• [What you are asked to do]:
The lines from the one holding "- new net: LD?.1 (C), R26.1" to the end of the records below, exactly as written, are the only thing to return.

'''

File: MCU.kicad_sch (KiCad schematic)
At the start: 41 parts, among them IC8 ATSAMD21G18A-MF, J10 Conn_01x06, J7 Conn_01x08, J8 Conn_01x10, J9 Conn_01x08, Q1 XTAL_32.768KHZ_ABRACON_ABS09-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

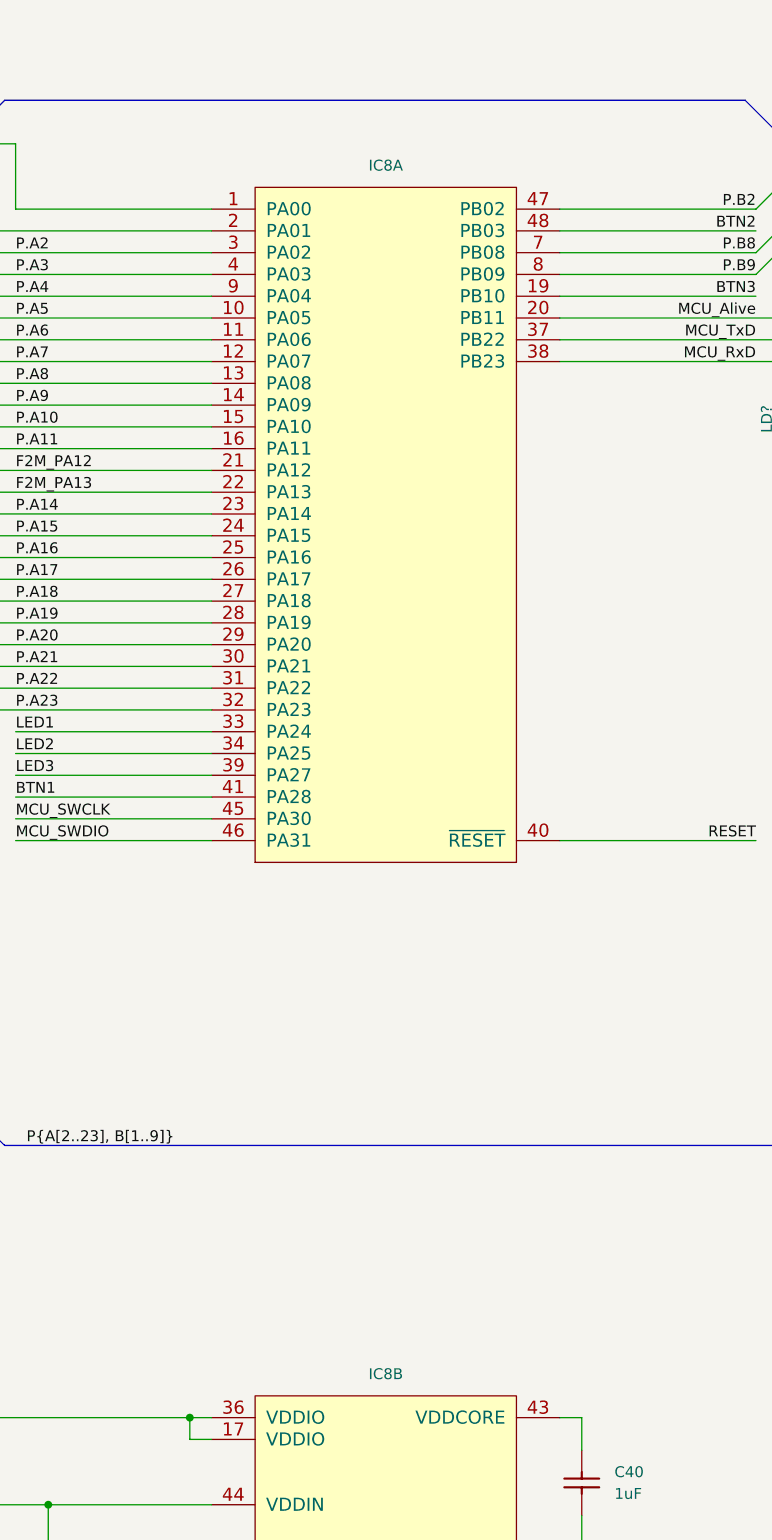
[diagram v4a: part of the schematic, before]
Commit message: Switched to iCE5LP4K, added power switch and 3V ref
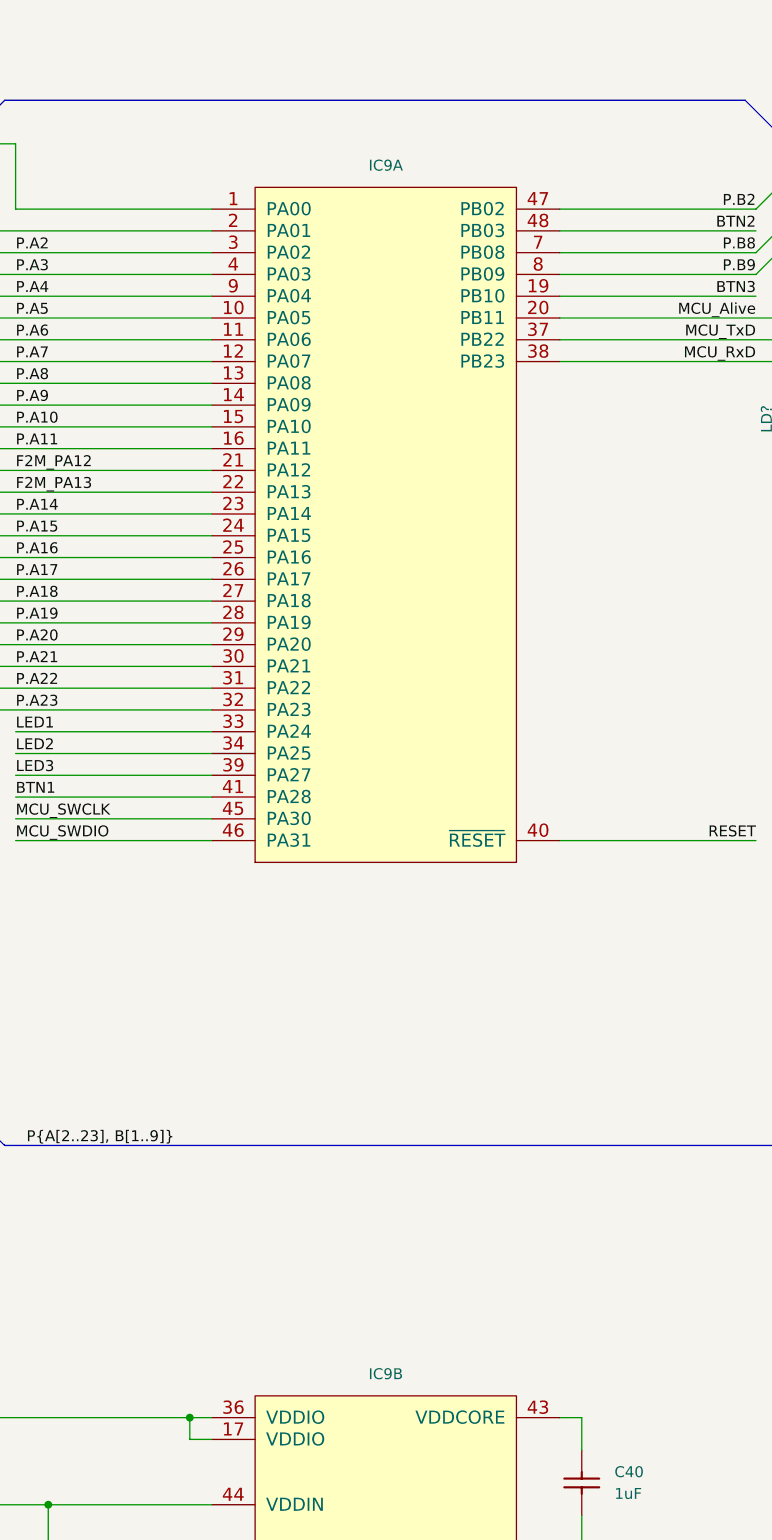
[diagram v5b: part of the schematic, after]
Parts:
- renumbered IC8 to IC9
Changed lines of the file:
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@@
   (symbol (lib_id "Logic:ATSAMD21G18A-MF") (at 143.51 53.34 0) (unit 1)
     (in_bom yes) (on_board yes) (dnp no) (fields_autoplaced)
-    (property "Reference" "IC8" (at 158.75 50.8 0)
+    (property "Reference" "IC9" (at 158.75 50.8 0)
       (effects (font (size 1.27 1.27)))
     )
@@
       (project "Accurate_Eval"
         (path "/d3b6a045-fd77-42ad-b330-1b1925488537/c6a8b2ea-c0f0-4c02-aeaa-57ac874f0dd5"
-          (reference "IC8") (unit 1)
+          (reference "IC9") (unit 1)
         )
       )
@@
   (symbol (lib_id "Logic:ATSAMD21G18A-MF") (at 143.51 194.31 0) (unit 2)
     (in_bom yes) (on_board yes) (dnp no) (fields_autoplaced)
-    (property "Reference" "IC8" (at 158.75 191.77 0)
+    (property "Reference" "IC9" (at 158.75 191.77 0)
       (effects (font (size 1.27 1.27)))
     )
@@
       (project "Accurate_Eval"
         (path "/d3b6a045-fd77-42ad-b330-1b1925488537/c6a8b2ea-c0f0-4c02-aeaa-57ac874f0dd5"
-          (reference "IC8") (unit 2)
-        )
-      )
+          (reference "IC9") (unit 2)
+        )
+      )

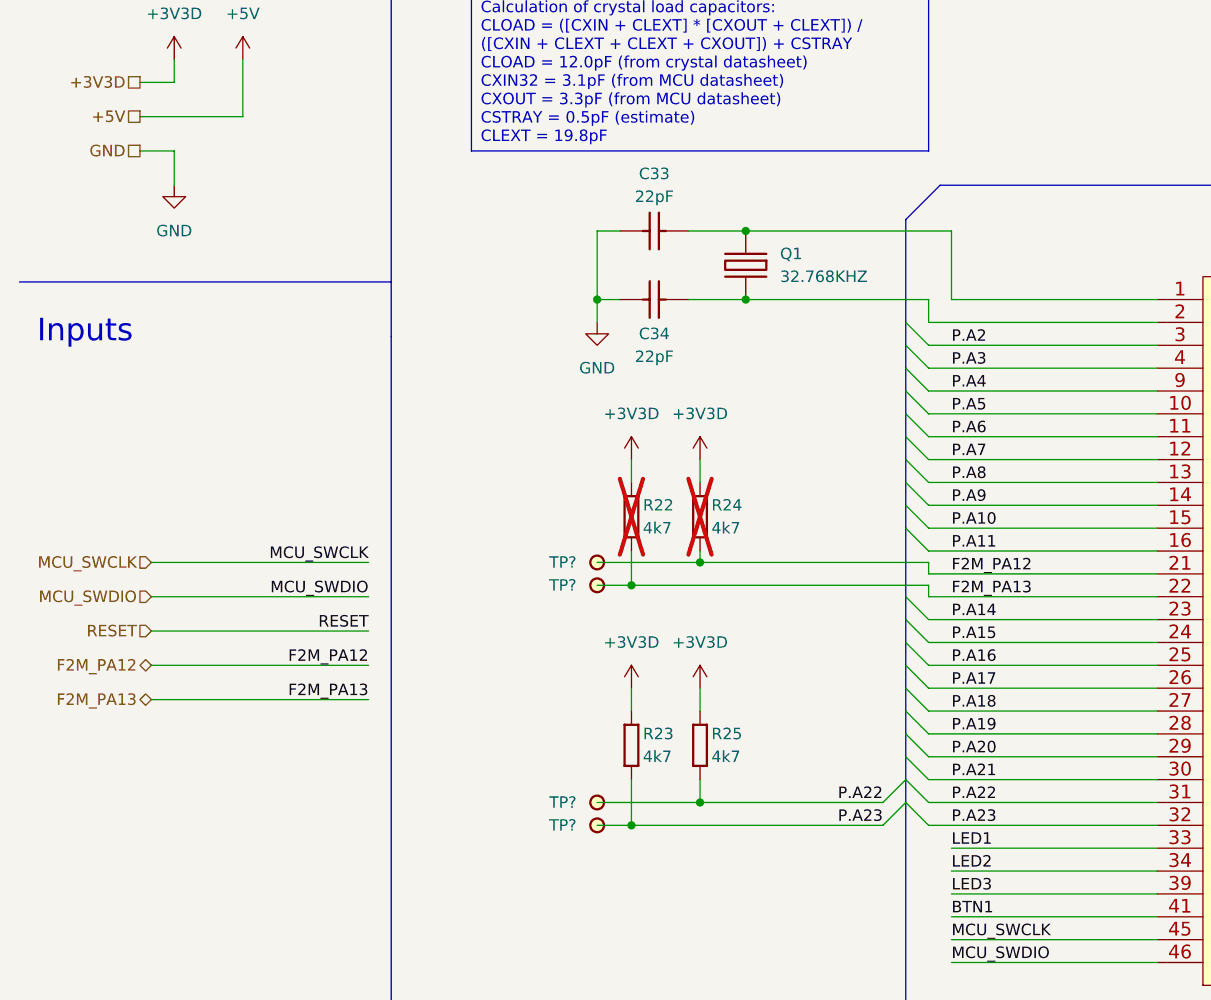
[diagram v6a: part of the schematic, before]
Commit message: Made more descriptive labels and titles
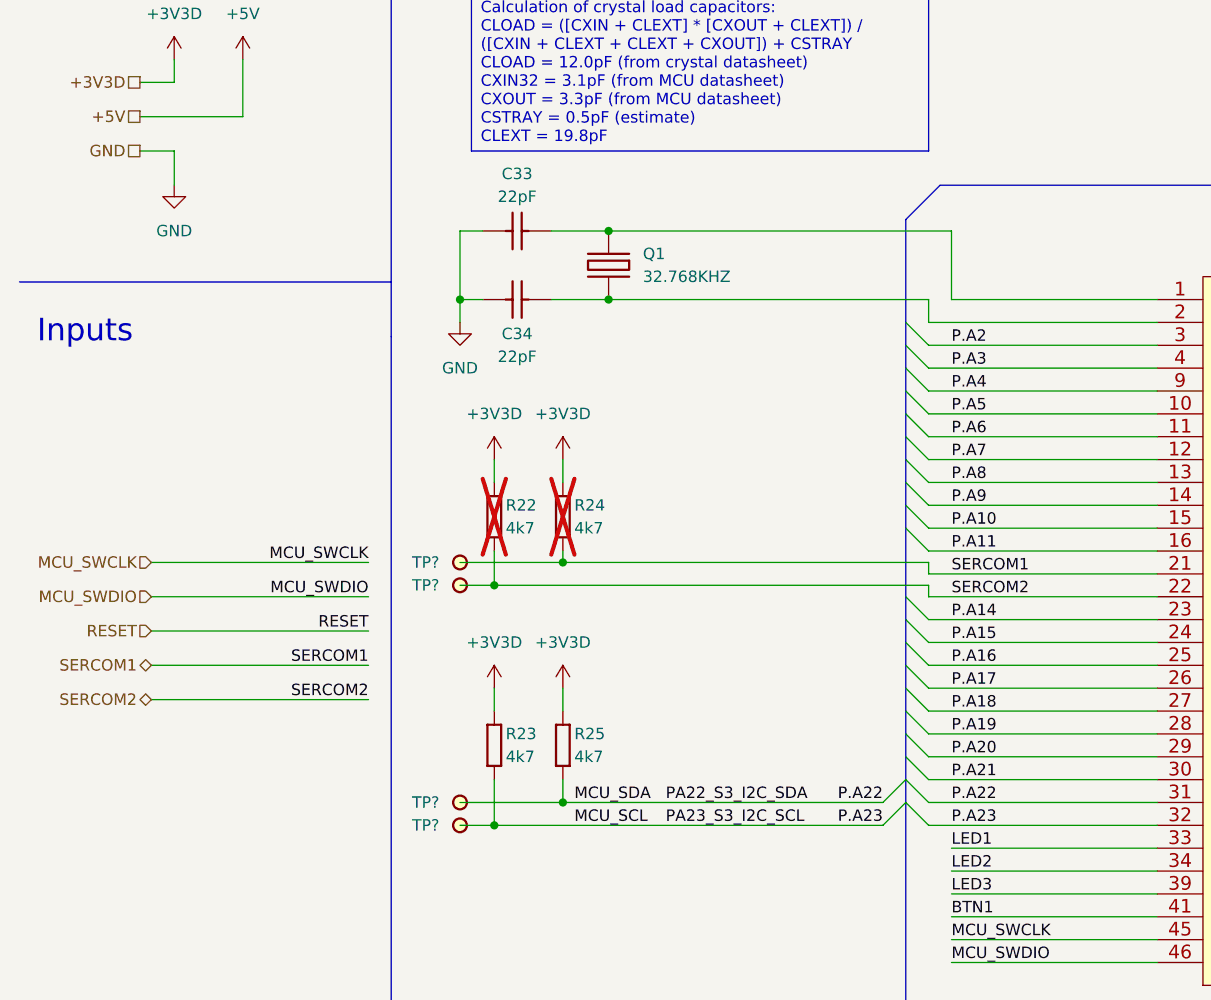
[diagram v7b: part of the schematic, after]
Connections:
- net F2M_PA12 renamed SERCOM1
- net F2M_PA13 renamed SERCOM2
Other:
- moved on the sheet: C33, C34, Q1, R22, R23, R24, R25, TP?

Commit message: Fixed comments after schematics review from Clyde
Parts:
- removed LD? (x2): LED_LITEON_LTST-C193KSKT-5A, ICs And Semiconductors SMD:LED_LITEON_LTST-C193KSKT-5A, symbol LEDs & Displays:LED_LITEON_LTST-C193KSKT-5A
- removed LD?: LED_LITEON_LTST-C193KGKT-5A, ICs And Semiconductors SMD:LED_LITEON_LTST-C193KGKT-5A, symbol LEDs & Displays:LED_LITEON_LTST-C193KGKT-5A
- removed R?: R0603_1K0_0.1%_0.063W_10PPM, Resistors SMD:RESC1608X55N, symbol Resistors SMD:R0603_1K0_0.1%_0.063W_10PPM
- added LD?: LED_LITEON_LTST-C193KGKT-5A, ICs And Semiconductors SMD:LED_LITEON_LTST-C193KGKT-5A, symbol LEDs & Displays:LED_LITEON_LTST-C193KGKT-5A
- added LD? (x2): LED_LITEON_LTST-C193KSKT-5A, ICs And Semiconductors SMD:LED_LITEON_LTST-C193KSKT-5A, symbol LEDs & Displays:LED_LITEON_LTST-C193KSKT-5A
- added R26: R0603_470R_1%_0.1W_100PPM, Resistors SMD:RESC1608X55N, symbol Resistors SMD:R0603_470R_1%_0.1W_100PPM
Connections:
- net +3V3D: now also LD?.2 (A), LD?.2 (A); no longer R27.1, R28.1
- net BTN3: now also IC9.37 (PB22); no longer IC9.19 (PB10)
- net GND: now also R26.2
- net MCU_Alive: now also IC9.38 (PB23), LD?.2 (A); no longer IC9.20 (PB11)
- net MCU_RxD: now also IC9.20 (PB11), R28.2; no longer IC9.38 (PB23)
- net MCU_TxD: now also IC9.19 (PB10), R27.2; no longer IC9.37 (PB22)
- new net: LD?.1 (C), R27.1
- new net: LD?.1 (C), R26.1
- new net: LD?.1 (C), R28.1
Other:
- moved on the sheet: C33, C34, Q1, R22, R23, R24, R25, TP?

'''

• [Output below]:
- new net: LD?.1 (C), R26.1
- new net: LD?.1 (C), R28.1
Other:
- moved on the sheet: C33, C34, Q1, R22, R23, R24, R25, TP?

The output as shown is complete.